* **Required action**
Reproduce the opening lines of the records exactly, up to and including the line in which "#3684 = ORIENTED_EDGE" occurs.

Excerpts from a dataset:
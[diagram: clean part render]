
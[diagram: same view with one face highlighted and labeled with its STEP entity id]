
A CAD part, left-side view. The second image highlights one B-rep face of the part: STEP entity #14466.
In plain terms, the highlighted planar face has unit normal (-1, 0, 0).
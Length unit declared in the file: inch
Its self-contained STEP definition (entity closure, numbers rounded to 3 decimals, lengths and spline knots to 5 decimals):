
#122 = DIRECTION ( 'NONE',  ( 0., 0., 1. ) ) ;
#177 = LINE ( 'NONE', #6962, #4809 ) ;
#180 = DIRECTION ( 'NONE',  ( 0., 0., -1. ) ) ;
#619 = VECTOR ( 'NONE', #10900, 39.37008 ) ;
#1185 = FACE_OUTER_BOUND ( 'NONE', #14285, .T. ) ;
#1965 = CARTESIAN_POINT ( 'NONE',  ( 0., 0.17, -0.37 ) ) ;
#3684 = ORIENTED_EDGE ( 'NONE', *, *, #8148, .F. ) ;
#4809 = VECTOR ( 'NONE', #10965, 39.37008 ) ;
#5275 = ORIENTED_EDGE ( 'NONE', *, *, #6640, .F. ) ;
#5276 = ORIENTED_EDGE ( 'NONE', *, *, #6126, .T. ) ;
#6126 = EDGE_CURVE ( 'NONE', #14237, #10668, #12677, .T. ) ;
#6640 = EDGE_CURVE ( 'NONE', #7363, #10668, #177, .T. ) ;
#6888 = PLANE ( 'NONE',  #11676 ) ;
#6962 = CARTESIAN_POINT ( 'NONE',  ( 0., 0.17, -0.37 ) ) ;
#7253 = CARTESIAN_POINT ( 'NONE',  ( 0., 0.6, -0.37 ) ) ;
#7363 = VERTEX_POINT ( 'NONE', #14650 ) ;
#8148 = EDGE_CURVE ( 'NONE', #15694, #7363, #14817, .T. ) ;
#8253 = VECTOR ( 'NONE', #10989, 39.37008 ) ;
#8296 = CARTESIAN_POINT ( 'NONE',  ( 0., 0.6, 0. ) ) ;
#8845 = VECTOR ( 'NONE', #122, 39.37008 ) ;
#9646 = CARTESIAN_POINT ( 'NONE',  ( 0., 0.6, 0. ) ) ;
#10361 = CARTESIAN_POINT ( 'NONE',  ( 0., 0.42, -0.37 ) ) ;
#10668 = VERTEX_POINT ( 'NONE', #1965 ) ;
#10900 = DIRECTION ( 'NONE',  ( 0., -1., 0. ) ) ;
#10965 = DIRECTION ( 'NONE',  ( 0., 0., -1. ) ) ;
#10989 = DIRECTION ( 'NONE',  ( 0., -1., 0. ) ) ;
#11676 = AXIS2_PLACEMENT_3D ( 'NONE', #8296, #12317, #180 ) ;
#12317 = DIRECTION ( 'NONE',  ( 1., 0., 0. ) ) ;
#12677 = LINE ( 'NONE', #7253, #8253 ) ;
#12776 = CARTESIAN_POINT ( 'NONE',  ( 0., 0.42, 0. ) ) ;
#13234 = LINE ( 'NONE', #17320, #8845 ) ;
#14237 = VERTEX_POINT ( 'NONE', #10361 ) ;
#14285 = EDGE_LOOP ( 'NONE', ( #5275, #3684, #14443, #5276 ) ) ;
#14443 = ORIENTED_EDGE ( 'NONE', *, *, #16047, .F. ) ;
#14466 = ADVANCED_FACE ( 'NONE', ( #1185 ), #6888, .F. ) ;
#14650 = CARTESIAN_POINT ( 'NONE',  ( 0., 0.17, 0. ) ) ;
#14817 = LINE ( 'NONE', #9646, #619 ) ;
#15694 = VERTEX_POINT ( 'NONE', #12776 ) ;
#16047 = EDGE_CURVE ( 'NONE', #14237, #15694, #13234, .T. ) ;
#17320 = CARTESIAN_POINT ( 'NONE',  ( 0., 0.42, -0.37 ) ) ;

* **Task response**
[diagram: clean part render]
[diagram: same view with one face highlighted and labeled with its STEP entity id]
A CAD part, left-side view. The second image highlights one B-rep face of the part: STEP entity #14466.
In plain terms, the highlighted planar face has unit normal (-1, 0, 0).
Length unit declared in the file: inch
Its self-contained STEP definition (entity closure, numbers rounded to 3 decimals, lengths and spline knots to 5 decimals):
#122 = DIRECTION ( 'NONE',  ( 0., 0., 1. ) ) ;
#177 = LINE ( 'NONE', #6962, #4809 ) ;
#180 = DIRECTION ( 'NONE',  ( 0., 0., -1. ) ) ;
#619 = VECTOR ( 'NONE', #10900, 39.37008 ) ;
#1185 = FACE_OUTER_BOUND ( 'NONE', #14285, .T. ) ;
#1965 = CARTESIAN_POINT ( 'NONE',  ( 0., 0.17, -0.37 ) ) ;
#3684 = ORIENTED_EDGE ( 'NONE', *, *, #8148, .F. ) ;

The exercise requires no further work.